- Born: 31 August 1960 (age 66) Ahmedabad, Gujarat
- Education: MA, PhD in English Literature
- Alma mater: St Stephen's College, Delhi; University of Illinois at Urbana–Champaign, USA;
- Occupations: Former Director of Indian Institute of Advanced Studies (Shimla); Former Professor of English at Jawaharlal Nehru University (New Delhi);

= Makarand Paranjape =

Indian novelist

Makarand R. Paranjape (born 31 August 1960) is an Indian novelist, poet, former director at the Indian Institute of Advanced Study (IIAS), Shimla, and former professor of English at the Jawaharlal Nehru University in New Delhi.

==Early life and education==
Makarand R. Paranjape was born in 1960 in Ahmedabad, Gujarat.
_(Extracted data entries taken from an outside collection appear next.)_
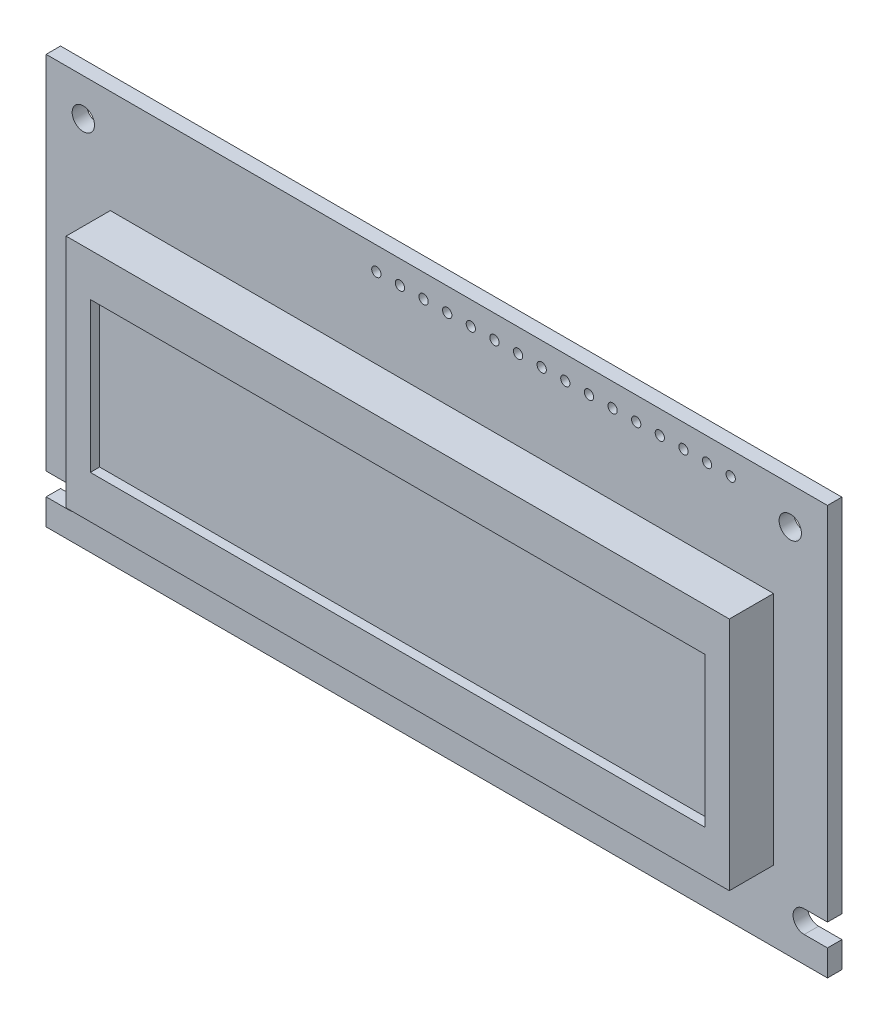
ISO-10303-21;
HEADER;
FILE_DESCRIPTION(('STEP AP214'),'2;1');
FILE_NAME('part.step','',(''),(''),'','','');
FILE_SCHEMA(('AUTOMOTIVE_DESIGN { 1 0 10303 214 1 1 1 1 }'));
ENDSEC;
DATA;
#1=APPLICATION_CONTEXT('core data for automotive mechanical design processes');
#2=APPLICATION_PROTOCOL_DEFINITION('international standard','automotive_design',2000,#1);
#3=PRODUCT_CONTEXT('',#1,'mechanical');
#4=PRODUCT('Part','Part','',(#3));
#5=PRODUCT_RELATED_PRODUCT_CATEGORY('part','',(#4));
#6=PRODUCT_DEFINITION_FORMATION('','',#4);
#7=PRODUCT_DEFINITION_CONTEXT('part definition',#1,'design');
#8=PRODUCT_DEFINITION('design','',#6,#7);
#9=PRODUCT_DEFINITION_SHAPE('','',#8);
#10=(LENGTH_UNIT() NAMED_UNIT(*) SI_UNIT(.MILLI.,.METRE.));
#11=(NAMED_UNIT(*) PLANE_ANGLE_UNIT() SI_UNIT($,.RADIAN.));
#12=(NAMED_UNIT(*) SI_UNIT($,.STERADIAN.) SOLID_ANGLE_UNIT());
#13=UNCERTAINTY_MEASURE_WITH_UNIT(LENGTH_MEASURE(1.E-05),#10,'distance_accuracy_value','');
#14=(GEOMETRIC_REPRESENTATION_CONTEXT(3) GLOBAL_UNCERTAINTY_ASSIGNED_CONTEXT((#13)) GLOBAL_UNIT_ASSIGNED_CONTEXT((#10,
#11,#12)) REPRESENTATION_CONTEXT('',''));
#15=CARTESIAN_POINT('',(0.,0.,0.));
#16=DIRECTION('',(0.,0.,1.));
#17=DIRECTION('',(1.,0.,0.));
#18=AXIS2_PLACEMENT_3D('',#15,#16,#17);
#19=CARTESIAN_POINT('',(-60.400836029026,-8.00950166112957,1.55));
#20=DIRECTION('',(0.,0.,1.));
#21=DIRECTION('',(1.,0.,0.));
#22=AXIS2_PLACEMENT_3D('',#19,#20,#21);
#23=PLANE('',#22);
#24=CARTESIAN_POINT('',(10.6991639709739,29.4904983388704,1.55));
#25=DIRECTION('',(0.,0.,1.));
#26=DIRECTION('',(1.,0.,0.));
#27=AXIS2_PLACEMENT_3D('',#24,#25,#26);
#28=CIRCLE('',#27,0.499999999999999);
#29=CARTESIAN_POINT('',(11.1991639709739,29.4904983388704,1.55));
#30=VERTEX_POINT('',#29);
#31=EDGE_CURVE('E245',#30,#30,#28,.T.);
#32=ORIENTED_EDGE('',*,*,#31,.F.);
#33=EDGE_LOOP('',(#32));
#34=FACE_BOUND('',#33,.T.);
#35=CARTESIAN_POINT('',(5.61916397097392,29.4904983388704,1.55));
#36=DIRECTION('',(0.,0.,1.));
#37=DIRECTION('',(1.,0.,0.));
#38=AXIS2_PLACEMENT_3D('',#35,#36,#37);
#39=CIRCLE('',#38,0.499999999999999);
#40=CARTESIAN_POINT('',(6.11916397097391,29.4904983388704,1.55));
#41=VERTEX_POINT('',#40);
#42=EDGE_CURVE('E257',#41,#41,#39,.T.);
#43=ORIENTED_EDGE('',*,*,#42,.F.);
#44=EDGE_LOOP('',(#43));
#45=FACE_BOUND('',#44,.T.);
#46=CARTESIAN_POINT('',(0.539163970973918,29.4904983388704,1.55));
#47=DIRECTION('',(0.,0.,1.));
#48=DIRECTION('',(1.,0.,0.));
#49=AXIS2_PLACEMENT_3D('',#46,#47,#48);
#50=CIRCLE('',#49,0.499999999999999);
#51=CARTESIAN_POINT('',(1.03916397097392,29.4904983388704,1.55));
#52=VERTEX_POINT('',#51);
#53=EDGE_CURVE('E269',#52,#52,#50,.T.);
#54=ORIENTED_EDGE('',*,*,#53,.F.);
#55=EDGE_LOOP('',(#54));
#56=FACE_BOUND('',#55,.T.);
#57=CARTESIAN_POINT('',(-4.54083602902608,29.4904983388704,1.55));
#58=DIRECTION('',(0.,0.,1.));
#59=DIRECTION('',(1.,0.,0.));
#60=AXIS2_PLACEMENT_3D('',#57,#58,#59);
#61=CIRCLE('',#60,0.499999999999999);
#62=CARTESIAN_POINT('',(-4.04083602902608,29.4904983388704,1.55));
#63=VERTEX_POINT('',#62);
#64=EDGE_CURVE('E281',#63,#63,#61,.T.);
#65=ORIENTED_EDGE('',*,*,#64,.F.);
#66=EDGE_LOOP('',(#65));
#67=FACE_BOUND('',#66,.T.);
#68=CARTESIAN_POINT('',(-9.62083602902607,29.4904983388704,1.55));
#69=DIRECTION('',(0.,0.,1.));
#70=DIRECTION('',(1.,0.,0.));
#71=AXIS2_PLACEMENT_3D('',#68,#69,#70);
#72=CIRCLE('',#71,0.499999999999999);
#73=CARTESIAN_POINT('',(-9.12083602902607,29.4904983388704,1.55));
#74=VERTEX_POINT('',#73);
#75=EDGE_CURVE('E293',#74,#74,#72,.T.);
#76=ORIENTED_EDGE('',*,*,#75,.F.);
#77=EDGE_LOOP('',(#76));
#78=FACE_BOUND('',#77,.T.);
#79=CARTESIAN_POINT('',(-14.7008360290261,29.4904983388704,1.55));
#80=DIRECTION('',(0.,0.,1.));
#81=DIRECTION('',(1.,0.,0.));
#82=AXIS2_PLACEMENT_3D('',#79,#80,#81);
#83=CIRCLE('',#82,0.499999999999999);
#84=CARTESIAN_POINT('',(-14.2008360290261,29.4904983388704,1.55));
#85=VERTEX_POINT('',#84);
#86=EDGE_CURVE('E305',#85,#85,#83,.T.);
#87=ORIENTED_EDGE('',*,*,#86,.F.);
#88=EDGE_LOOP('',(#87));
#89=FACE_BOUND('',#88,.T.);
#90=CARTESIAN_POINT('',(-19.7808360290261,29.4904983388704,1.55));
#91=DIRECTION('',(0.,0.,1.));
#92=DIRECTION('',(1.,0.,0.));
#93=AXIS2_PLACEMENT_3D('',#90,#91,#92);
#94=CIRCLE('',#93,0.499999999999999);
#95=CARTESIAN_POINT('',(-19.2808360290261,29.4904983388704,1.55));
#96=VERTEX_POINT('',#95);
#97=EDGE_CURVE('E317',#96,#96,#94,.T.);
#98=ORIENTED_EDGE('',*,*,#97,.F.);
#99=EDGE_LOOP('',(#98));
#100=FACE_BOUND('',#99,.T.);
#101=CARTESIAN_POINT('',(-24.8608360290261,29.4904983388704,1.55));
#102=DIRECTION('',(0.,0.,1.));
#103=DIRECTION('',(1.,0.,0.));
#104=AXIS2_PLACEMENT_3D('',#101,#102,#103);
#105=CIRCLE('',#104,0.499999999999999);
#106=CARTESIAN_POINT('',(-24.3608360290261,29.4904983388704,1.55));
#107=VERTEX_POINT('',#106);
#108=EDGE_CURVE('E329',#107,#107,#105,.T.);
#109=ORIENTED_EDGE('',*,*,#108,.F.);
#110=EDGE_LOOP('',(#109));
#111=FACE_BOUND('',#110,.T.);
#112=CARTESIAN_POINT('',(-58.900836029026,27.9904983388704,1.55));
#113=DIRECTION('',(0.,0.,1.));
#114=DIRECTION('',(1.,0.,0.));
#115=AXIS2_PLACEMENT_3D('',#112,#113,#114);
#116=CIRCLE('',#115,1.2);
#117=CARTESIAN_POINT('',(-60.100836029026,27.9904983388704,1.55));
#118=VERTEX_POINT('',#117);
#119=EDGE_CURVE('E341',#118,#118,#116,.T.);
#120=ORIENTED_EDGE('',*,*,#119,.F.);
#121=EDGE_LOOP('',(#120));
#122=FACE_BOUND('',#121,.T.);
#123=DIRECTION('',(0.,-1.,0.));
#124=VECTOR('',#123,1.);
#125=CARTESIAN_POINT('',(-62.900836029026,31.9904983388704,1.55));
#126=LINE('',#125,#124);
#127=CARTESIAN_POINT('',(-62.900836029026,31.9904983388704,1.55));
#128=VERTEX_POINT('',#127);
#129=CARTESIAN_POINT('',(-62.900836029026,-6.80950166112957,1.55));
#130=VERTEX_POINT('',#129);
#131=EDGE_CURVE('E347',#128,#130,#126,.T.);
#132=ORIENTED_EDGE('',*,*,#131,.T.);
#133=DIRECTION('',(1.,0.,0.));
#134=VECTOR('',#133,1.);
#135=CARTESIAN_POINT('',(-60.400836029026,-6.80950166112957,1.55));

He was educated at Bishop Cotton Boys' School in Bangalore and at St. Stephen's College, University of Delhi, where he received a B.A. (Hons.) in English in 1980. Thereafter, he joined the University of Illinois at Urbana–Champaign for his M.A. in English Literature and, subsequently, a PhD, in 1985, on the topic Mysticism in Indian English Poetry.

==Career==
Makarand Paranjape had started his career in 1980 as a teaching assistant at the University of Illinois at Urbana-Champaign (UIUC) and returned to India in 1986 to join the University of Hyderabad, first as a lecturer and then a reader. In 1994, he joined the Department of Humanities and Social Sciences at IIT Delhi as an associate professor and, between 1999 and 2018, served as a professor at Jawaharlal Nehru University, New Delhi.

=== IIAS Controversy ===
Paranjape was appointed as Director of IIAS in August 2018. In August 2020, 63 charges of irregularities were filed against him according to the Vice Chancellor and he was asked to resign from the post. Paranjape offered a rebuttal to his critics through an interview with The Wire in April 2021. However, it was later reported that he had violated the MoA (memorandum of association) of the institute as its Director and that it was not any clash with other specific individual heads at the institution. Paranjape resigned from the post in 2021 after he was given a farewell by the institute on 30 July 2021.

== Works and reception ==
In his coffee-table book of poems published in January 2022 as Identity's Last Secret, Paranjape discussed how he "came out of a difficult relationship." In 2013, Makarand R. Paranjape published a novel called Body Offering. The novel is a tale of a middle-aged man's extra-marital affair with a woman 25 years younger than him. The Sunday Guardian dubbed the book as one "that walked in the long shadow cast" by Russian-American writer Vladimir Nabokov's 1955 novel Lolita.

== Personal life ==
In 1987, Paranjape married Sarina, a graduate student at UIUC. In 2006, he married (Note: Sources do not discuss his divorce with Sarina. They were married as of December, 2004 and Sarina was a program officer at United States-India Educational Foundation.) Devaki Singh, daughter of Arun Singh. He is now married to Gayatri Iyer.

== Honours ==
- ICCR Chair in Indian Studies, National University of Singapore, August 2010 onwards.
- October–December 2014: Inaugural DAAD-Eric Auerbach Visiting Chair in World Literatures at the University of Tübingen, Germany.